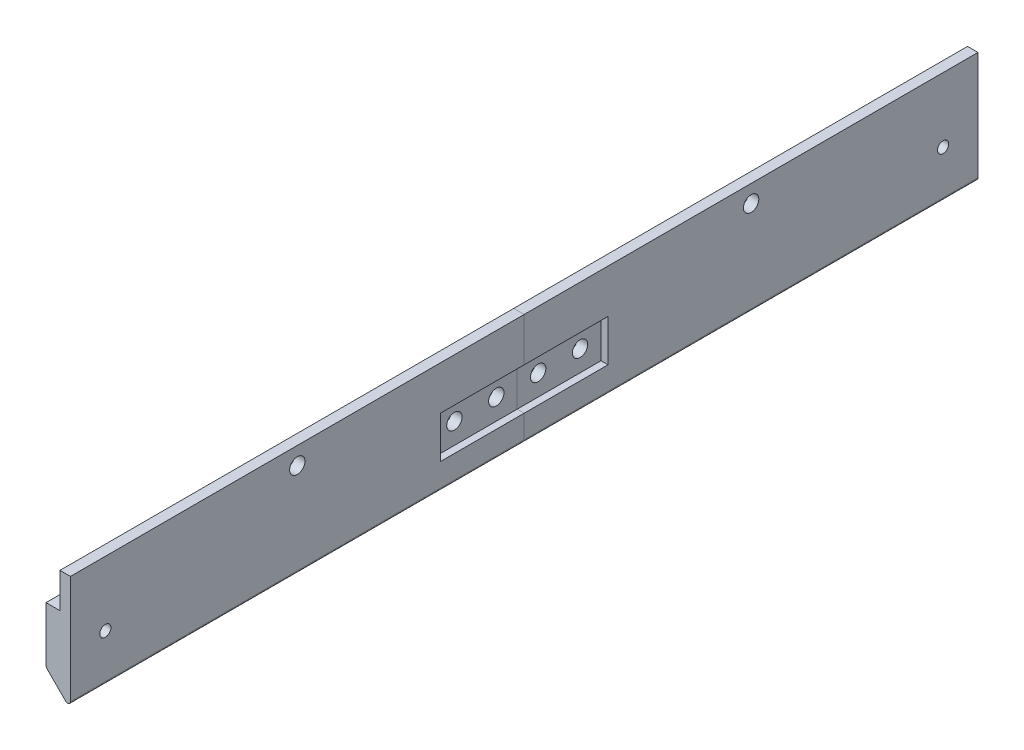
ISO-10303-21;
HEADER;
FILE_DESCRIPTION(('STEP AP214'),'2;1');
FILE_NAME('part.step','',(''),(''),'','','');
FILE_SCHEMA(('AUTOMOTIVE_DESIGN { 1 0 10303 214 1 1 1 1 }'));
ENDSEC;
DATA;
#1=APPLICATION_CONTEXT('core data for automotive mechanical design processes');
#2=APPLICATION_PROTOCOL_DEFINITION('international standard','automotive_design',2000,#1);
#3=PRODUCT_CONTEXT('',#1,'mechanical');
#4=PRODUCT('Part','Part','',(#3));
#5=PRODUCT_RELATED_PRODUCT_CATEGORY('part','',(#4));
#6=PRODUCT_DEFINITION_FORMATION('','',#4);
#7=PRODUCT_DEFINITION_CONTEXT('part definition',#1,'design');
#8=PRODUCT_DEFINITION('design','',#6,#7);
#9=PRODUCT_DEFINITION_SHAPE('','',#8);
#10=(LENGTH_UNIT() NAMED_UNIT(*) SI_UNIT(.MILLI.,.METRE.));
#11=(NAMED_UNIT(*) PLANE_ANGLE_UNIT() SI_UNIT($,.RADIAN.));
#12=(NAMED_UNIT(*) SI_UNIT($,.STERADIAN.) SOLID_ANGLE_UNIT());
#13=UNCERTAINTY_MEASURE_WITH_UNIT(LENGTH_MEASURE(1.E-05),#10,'distance_accuracy_value','');
#14=(GEOMETRIC_REPRESENTATION_CONTEXT(3) GLOBAL_UNCERTAINTY_ASSIGNED_CONTEXT((#13)) GLOBAL_UNIT_ASSIGNED_CONTEXT((#10,
#11,#12)) REPRESENTATION_CONTEXT('',''));
#15=CARTESIAN_POINT('',(0.,0.,0.));
#16=DIRECTION('',(0.,0.,1.));
#17=DIRECTION('',(1.,0.,0.));
#18=AXIS2_PLACEMENT_3D('',#15,#16,#17);
#19=CARTESIAN_POINT('',(-7.01000000000001,30.,150.));
#20=DIRECTION('',(0.,0.,1.));
#21=DIRECTION('',(1.,0.,0.));
#22=AXIS2_PLACEMENT_3D('',#19,#20,#21);
#23=PLANE('',#22);
#24=DIRECTION('',(1.,0.,0.));
#25=VECTOR('',#24,1.);
#26=CARTESIAN_POINT('',(-7.01,5.5,150.));
#27=LINE('',#26,#25);
#28=CARTESIAN_POINT('',(-2.,5.5,150.));
#29=VERTEX_POINT('',#28);
#30=CARTESIAN_POINT('',(0.,5.5,150.));
#31=VERTEX_POINT('',#30);
#32=EDGE_CURVE('E175',#29,#31,#27,.T.);
#33=ORIENTED_EDGE('',*,*,#32,.F.);
#34=DIRECTION('',(0.,1.,0.));
#35=VECTOR('',#34,1.);
#36=CARTESIAN_POINT('',(-2.00000000000001,30.,150.));
#37=LINE('',#36,#35);
#38=CARTESIAN_POINT('',(-2.,17.5,150.));
#39=VERTEX_POINT('',#38);
#40=EDGE_CURVE('E12',#29,#39,#37,.T.);
#41=ORIENTED_EDGE('',*,*,#40,.T.);
#42=DIRECTION('',(-1.,0.,0.));
#43=VECTOR('',#42,1.);
#44=CARTESIAN_POINT('',(-7.01,17.5,150.));
#45=LINE('',#44,#43);
#46=CARTESIAN_POINT('',(0.,17.5,150.));
#47=VERTEX_POINT('',#46);
#48=EDGE_CURVE('E158',#47,#39,#45,.T.);
#49=ORIENTED_EDGE('',*,*,#48,.F.);
#50=DIRECTION('',(0.,-1.,0.));
#51=VECTOR('',#50,1.);
#52=CARTESIAN_POINT('',(0.,0.,150.));
#53=LINE('',#52,#51);
#54=CARTESIAN_POINT('',(0.,30.,150.));
#55=VERTEX_POINT('',#54);
#56=EDGE_CURVE('E227',#55,#47,#53,.T.);
#57=ORIENTED_EDGE('',*,*,#56,.F.);
#58=DIRECTION('',(1.,0.,0.));
#59=VECTOR('',#58,1.);
#60=CARTESIAN_POINT('',(0.,30.,150.));
#61=LINE('',#60,#59);
#62=CARTESIAN_POINT('',(-3.,30.,150.));
#63=VERTEX_POINT('',#62);
#64=EDGE_CURVE('E218',#63,#55,#61,.T.);
#65=ORIENTED_EDGE('',*,*,#64,.F.);
#66=DIRECTION('',(0.,1.,0.));
#67=VECTOR('',#66,1.);
#68=CARTESIAN_POINT('',(-3.,20.,150.));
#69=LINE('',#68,#67);
#70=CARTESIAN_POINT('',(-3.,20.,150.));
#71=VERTEX_POINT('',#70);
#72=EDGE_CURVE('E234',#71,#63,#69,.T.);
#73=ORIENTED_EDGE('',*,*,#72,.F.);
#74=DIRECTION('',(-1.,0.,0.));
#75=VECTOR('',#74,1.);
#76=CARTESIAN_POINT('',(-7.,20.,150.));
#77=LINE('',#76,#75);
#78=CARTESIAN_POINT('',(-7.,20.,150.));
#79=VERTEX_POINT('',#78);
#80=EDGE_CURVE('E237',#71,#79,#77,.T.);
#81=ORIENTED_EDGE('',*,*,#80,.T.);
#82=DIRECTION('',(0.,1.,0.));
#83=VECTOR('',#82,1.);
#84=CARTESIAN_POINT('',(-7.,7.,150.));
#85=LINE('',#84,#83);
#86=CARTESIAN_POINT('',(-7.,4.62132034355964,150.));
#87=VERTEX_POINT('',#86);
#88=EDGE_CURVE('E231',#87,#79,#85,.T.);
#89=ORIENTED_EDGE('',*,*,#88,.F.);
#90=CARTESIAN_POINT('',(-5.5,4.62132034355964,150.));
#91=DIRECTION('',(0.,0.,1.));
#92=DIRECTION('',(1.,0.,0.));
#93=AXIS2_PLACEMENT_3D('',#90,#91,#92);
#94=CIRCLE('',#93,1.5);
#95=CARTESIAN_POINT('',(-6.56066017177982,3.56066017177982,150.));
#96=VERTEX_POINT('',#95);
#97=EDGE_CURVE('E222',#96,#87,#94,.F.);
#98=ORIENTED_EDGE('',*,*,#97,.F.);
#99=DIRECTION('',(-0.707106781186548,0.707106781186548,0.));
#100=VECTOR('',#99,1.);
#101=CARTESIAN_POINT('',(-7.,4.,150.));
#102=LINE('',#101,#100);
#103=CARTESIAN_POINT('',(-1.36568542494924,-1.63431457505076,150.));
#104=VERTEX_POINT('',#103);
#105=EDGE_CURVE('E224',#104,#96,#102,.T.);
#106=ORIENTED_EDGE('',*,*,#105,.F.);
#107=CARTESIAN_POINT('',(-0.8,-1.06862915010153,150.));
#108=DIRECTION('',(0.,0.,1.));
#109=DIRECTION('',(1.,0.,0.));
#110=AXIS2_PLACEMENT_3D('',#107,#108,#109);
#111=CIRCLE('',#110,0.8);
#112=CARTESIAN_POINT('',(0.,-1.06862915010152,150.));
#113=VERTEX_POINT('',#112);
#114=EDGE_CURVE('E220',#113,#104,#111,.F.);
#115=ORIENTED_EDGE('',*,*,#114,.F.);
#116=EDGE_CURVE('E230',#31,#113,#53,.T.);
#117=ORIENTED_EDGE('',*,*,#116,.F.);
#118=EDGE_LOOP('',(#33,#41,#49,#57,#65,#73,#81,#89,#98,#106,#115,#117));
#119=FACE_BOUND('',#118,.T.);
#120=ADVANCED_FACE('F55',(#119),#23,.T.);
#121=CARTESIAN_POINT('',(-3.,20.,20.));
#122=DIRECTION('',(-1.,0.,0.));
#123=DIRECTION('',(0.,0.,1.));
#124=AXIS2_PLACEMENT_3D('',#121,#122,#123);
#125=PLANE('',#124);
#126=CARTESIAN_POINT('',(-3.,25.,85.));
#127=DIRECTION('',(-1.,0.,0.));
#128=DIRECTION('',(0.,0.,1.));
#129=AXIS2_PLACEMENT_3D('',#126,#127,#128);
#130=CIRCLE('',#129,2.2);
#131=CARTESIAN_POINT('',(-3.,25.,87.2));
#132=VERTEX_POINT('',#131);
#133=EDGE_CURVE('E177',#132,#132,#130,.T.);
#134=ORIENTED_EDGE('',*,*,#133,.F.);
#135=EDGE_LOOP('',(#134));
#136=FACE_BOUND('',#135,.T.);
#137=DIRECTION('',(0.,0.,-1.));
#138=VECTOR('',#137,1.);
#139=CARTESIAN_POINT('',(-3.,20.,280.));
#140=LINE('',#139,#138);
#141=CARTESIAN_POINT('',(-3.,20.,20.));
#142=VERTEX_POINT('',#141);
#143=EDGE_CURVE('E79',#71,#142,#140,.T.);
#144=ORIENTED_EDGE('',*,*,#143,.F.);
#145=ORIENTED_EDGE('',*,*,#72,.T.);
#146=DIRECTION('',(0.,0.,1.));
#147=VECTOR('',#146,1.);
#148=CARTESIAN_POINT('',(-3.,30.,20.));
#149=LINE('',#148,#147);
#150=CARTESIAN_POINT('',(-3.,30.,20.));
#151=VERTEX_POINT('',#150);
#152=EDGE_CURVE('E208',#151,#63,#149,.T.);
#153=ORIENTED_EDGE('',*,*,#152,.F.);
#154=DIRECTION('',(0.,-1.,0.));
#155=VECTOR('',#154,1.);
#156=CARTESIAN_POINT('',(-3.,20.,20.));
#157=LINE('',#156,#155);
#158=EDGE_CURVE('E188',#151,#142,#157,.T.);
#159=ORIENTED_EDGE('',*,*,#158,.T.);
#160=EDGE_LOOP('',(#144,#145,#153,#159));
#161=FACE_BOUND('',#160,.T.);
#162=ADVANCED_FACE('F280',(#136,#161),#125,.T.);
#163=CARTESIAN_POINT('',(-7.,7.,20.));
#164=DIRECTION('',(-1.,0.,0.));
#165=DIRECTION('',(0.,0.,1.));
#166=AXIS2_PLACEMENT_3D('',#163,#164,#165);
#167=PLANE('',#166);
#168=CARTESIAN_POINT('',(-7.,11.5,30.));
#169=DIRECTION('',(-1.,0.,0.));
#170=DIRECTION('',(0.,0.,1.));
#171=AXIS2_PLACEMENT_3D('',#168,#169,#170);
#172=CIRCLE('',#171,3.36);
#173=CARTESIAN_POINT('',(-7.,11.5,33.36));
#174=VERTEX_POINT('',#173);
#175=EDGE_CURVE('E215',#174,#174,#172,.T.);
#176=ORIENTED_EDGE('',*,*,#175,.F.);
#177=EDGE_LOOP('',(#176));
#178=FACE_BOUND('',#177,.T.);
#179=DIRECTION('',(0.,0.,1.));
#180=VECTOR('',#179,1.);
#181=CARTESIAN_POINT('',(-7.,4.62132034355964,20.));
#182=LINE('',#181,#180);
#183=CARTESIAN_POINT('',(-7.,4.62132034355964,20.));
#184=VERTEX_POINT('',#183);
#185=EDGE_CURVE('E192',#184,#87,#182,.T.);
#186=ORIENTED_EDGE('',*,*,#185,.T.);
#187=ORIENTED_EDGE('',*,*,#88,.T.);
#188=DIRECTION('',(0.,0.,-1.));
#189=VECTOR('',#188,1.);
#190=CARTESIAN_POINT('',(-7.,20.,280.));
#191=LINE('',#190,#189);
#192=CARTESIAN_POINT('',(-7.,20.,20.));
#193=VERTEX_POINT('',#192);
#194=EDGE_CURVE('E207',#79,#193,#191,.T.);
#195=ORIENTED_EDGE('',*,*,#194,.T.);
#196=DIRECTION('',(0.,-1.,0.));
#197=VECTOR('',#196,1.);
#198=CARTESIAN_POINT('',(-7.,7.,20.));
#199=LINE('',#198,#197);
#200=EDGE_CURVE('E198',#193,#184,#199,.T.);
#201=ORIENTED_EDGE('',*,*,#200,.T.);
#202=EDGE_LOOP('',(#186,#187,#195,#201));
#203=FACE_BOUND('',#202,.T.);
#204=ADVANCED_FACE('F285',(#178,#203),#167,.T.);
#205=CARTESIAN_POINT('',(0.,0.,20.));
#206=DIRECTION('',(1.,0.,0.));
#207=DIRECTION('',(0.,1.,0.));
#208=AXIS2_PLACEMENT_3D('',#205,#206,#207);
#209=PLANE('',#208);
#210=DIRECTION('',(0.,0.,-1.));
#211=VECTOR('',#210,1.);
#212=CARTESIAN_POINT('',(0.,5.5,20.));
#213=LINE('',#212,#211);
#214=CARTESIAN_POINT('',(0.,5.5,126.));
#215=VERTEX_POINT('',#214);
#216=EDGE_CURVE('E63',#31,#215,#213,.T.);
#217=ORIENTED_EDGE('',*,*,#216,.F.);
#218=ORIENTED_EDGE('',*,*,#116,.T.);
#219=DIRECTION('',(0.,0.,-1.));
#220=VECTOR('',#219,1.);
#221=CARTESIAN_POINT('',(0.,-1.06862915010152,20.));
#222=LINE('',#221,#220);
#223=CARTESIAN_POINT('',(0.,-1.06862915010152,20.));
#224=VERTEX_POINT('',#223);
#225=EDGE_CURVE('E183',#113,#224,#222,.T.);
#226=ORIENTED_EDGE('',*,*,#225,.T.);
#227=DIRECTION('',(0.,1.,0.));
#228=VECTOR('',#227,1.);
#229=CARTESIAN_POINT('',(0.,0.,20.));
#230=LINE('',#229,#228);
#231=CARTESIAN_POINT('',(0.,30.,20.));
#232=VERTEX_POINT('',#231);
#233=EDGE_CURVE('E191',#224,#232,#230,.T.);
#234=ORIENTED_EDGE('',*,*,#233,.T.);
#235=DIRECTION('',(0.,0.,-1.));
#236=VECTOR('',#235,1.);
#237=CARTESIAN_POINT('',(0.,30.,280.));
#238=LINE('',#237,#236);
#239=EDGE_CURVE('E204',#55,#232,#238,.T.);
#240=ORIENTED_EDGE('',*,*,#239,.F.);
#241=ORIENTED_EDGE('',*,*,#56,.T.);
#242=DIRECTION('',(0.,0.,1.));
#243=VECTOR('',#242,1.);
#244=CARTESIAN_POINT('',(0.,17.5,174.));
#245=LINE('',#244,#243);
#246=CARTESIAN_POINT('',(0.,17.5,126.));
#247=VERTEX_POINT('',#246);
#248=EDGE_CURVE('E164',#247,#47,#245,.T.);
#249=ORIENTED_EDGE('',*,*,#248,.F.);
#250=DIRECTION('',(0.,1.,0.));
#251=VECTOR('',#250,1.);
#252=CARTESIAN_POINT('',(0.,17.5,126.));
#253=LINE('',#252,#251);
#254=EDGE_CURVE('E70',#215,#247,#253,.T.);
#255=ORIENTED_EDGE('',*,*,#254,.F.);
#256=EDGE_LOOP('',(#217,#218,#226,#234,#240,#241,#249,#255));
#257=FACE_BOUND('',#256,.T.);
#258=CARTESIAN_POINT('',(0.,25.,85.));
#259=DIRECTION('',(1.,0.,0.));
#260=DIRECTION('',(0.,1.,0.));
#261=AXIS2_PLACEMENT_3D('',#258,#259,#260);
#262=CIRCLE('',#261,2.2);
#263=CARTESIAN_POINT('',(0.,27.2,85.));
#264=VERTEX_POINT('',#263);
#265=EDGE_CURVE('E180',#264,#264,#262,.T.);
#266=ORIENTED_EDGE('',*,*,#265,.F.);
#267=EDGE_LOOP('',(#266));
#268=FACE_BOUND('',#267,.T.);
#269=CARTESIAN_POINT('',(0.,11.5,30.));
#270=DIRECTION('',(-1.,0.,0.));
#271=DIRECTION('',(0.,0.,1.));
#272=AXIS2_PLACEMENT_3D('',#269,#270,#271);
#273=CIRCLE('',#272,1.59999999999999);
#274=CARTESIAN_POINT('',(0.,11.5,31.6));
#275=VERTEX_POINT('',#274);
#276=EDGE_CURVE('E209',#275,#275,#273,.T.);
#277=ORIENTED_EDGE('',*,*,#276,.T.);
#278=EDGE_LOOP('',(#277));
#279=FACE_BOUND('',#278,.T.);
#280=ADVANCED_FACE('F258',(#257,#268,#279),#209,.T.);
#281=CARTESIAN_POINT('',(-7.,4.,20.));
#282=DIRECTION('',(-0.707106781186548,-0.707106781186548,0.));
#283=DIRECTION('',(0.707106781186548,-0.707106781186548,0.));
#284=AXIS2_PLACEMENT_3D('',#281,#282,#283);
#285=PLANE('',#284);
#286=DIRECTION('',(0.,0.,-1.));
#287=VECTOR('',#286,1.);
#288=CARTESIAN_POINT('',(-1.36568542494924,-1.63431457505076,20.));
#289=LINE('',#288,#287);
#290=CARTESIAN_POINT('',(-1.36568542494924,-1.63431457505076,20.));
#291=VERTEX_POINT('',#290);
#292=EDGE_CURVE('E184',#291,#104,#289,.F.);
#293=ORIENTED_EDGE('',*,*,#292,.T.);
#294=ORIENTED_EDGE('',*,*,#105,.T.);
#295=DIRECTION('',(0.,0.,1.));
#296=VECTOR('',#295,1.);
#297=CARTESIAN_POINT('',(-6.56066017177982,3.56066017177982,20.));
#298=LINE('',#297,#296);
#299=CARTESIAN_POINT('',(-6.56066017177982,3.56066017177982,20.));
#300=VERTEX_POINT('',#299);
#301=EDGE_CURVE('E187',#96,#300,#298,.F.);
#302=ORIENTED_EDGE('',*,*,#301,.T.);
#303=DIRECTION('',(0.707106781186548,-0.707106781186548,0.));
#304=VECTOR('',#303,1.);
#305=CARTESIAN_POINT('',(-7.,4.,20.));
#306=LINE('',#305,#304);
#307=EDGE_CURVE('E195',#300,#291,#306,.T.);
#308=ORIENTED_EDGE('',*,*,#307,.T.);
#309=EDGE_LOOP('',(#293,#294,#302,#308));
#310=FACE_BOUND('',#309,.T.);
#311=ADVANCED_FACE('F290',(#310),#285,.T.);
#312=CARTESIAN_POINT('',(-5.5,4.62132034355964,20.));
#313=DIRECTION('',(0.,0.,1.));
#314=DIRECTION('',(1.,0.,0.));
#315=AXIS2_PLACEMENT_3D('',#312,#313,#314);
#316=CYLINDRICAL_SURFACE('',#315,1.5);
#317=ORIENTED_EDGE('',*,*,#301,.F.);
#318=ORIENTED_EDGE('',*,*,#97,.T.);
#319=ORIENTED_EDGE('',*,*,#185,.F.);
#320=CARTESIAN_POINT('',(-5.5,4.62132034355964,20.));
#321=DIRECTION('',(0.,0.,1.));
#322=DIRECTION('',(1.,0.,0.));
#323=AXIS2_PLACEMENT_3D('',#320,#321,#322);
#324=CIRCLE('',#323,1.5);
#325=EDGE_CURVE('E185',#300,#184,#324,.F.);
#326=ORIENTED_EDGE('',*,*,#325,.F.);
#327=EDGE_LOOP('',(#317,#318,#319,#326));
#328=FACE_BOUND('',#327,.T.);
#329=ADVANCED_FACE('F57',(#328),#316,.T.);
#330=CARTESIAN_POINT('',(-0.8,-1.06862915010153,20.));
#331=DIRECTION('',(0.,0.,-1.));
#332=DIRECTION('',(-1.,0.,0.));
#333=AXIS2_PLACEMENT_3D('',#330,#331,#332);
#334=CYLINDRICAL_SURFACE('',#333,0.8);
#335=ORIENTED_EDGE('',*,*,#225,.F.);
#336=ORIENTED_EDGE('',*,*,#114,.T.);
#337=ORIENTED_EDGE('',*,*,#292,.F.);
#338=CARTESIAN_POINT('',(-0.8,-1.06862915010153,20.));
#339=DIRECTION('',(0.,0.,1.));
#340=DIRECTION('',(1.,0.,0.));
#341=AXIS2_PLACEMENT_3D('',#338,#339,#340);
#342=CIRCLE('',#341,0.8);
#343=EDGE_CURVE('E181',#224,#291,#342,.F.);
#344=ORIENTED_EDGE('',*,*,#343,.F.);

• Your goal: The range begins at the line containing "#340=DIRECTION('',(1.,0.,0.));" and ends at the last line of the entries; reproduce it exactly.

• Your response:
#340=DIRECTION('',(1.,0.,0.));
#341=AXIS2_PLACEMENT_3D('',#338,#339,#340);
#342=CIRCLE('',#341,0.8);
#343=EDGE_CURVE('E181',#224,#291,#342,.F.);
#344=ORIENTED_EDGE('',*,*,#343,.F.);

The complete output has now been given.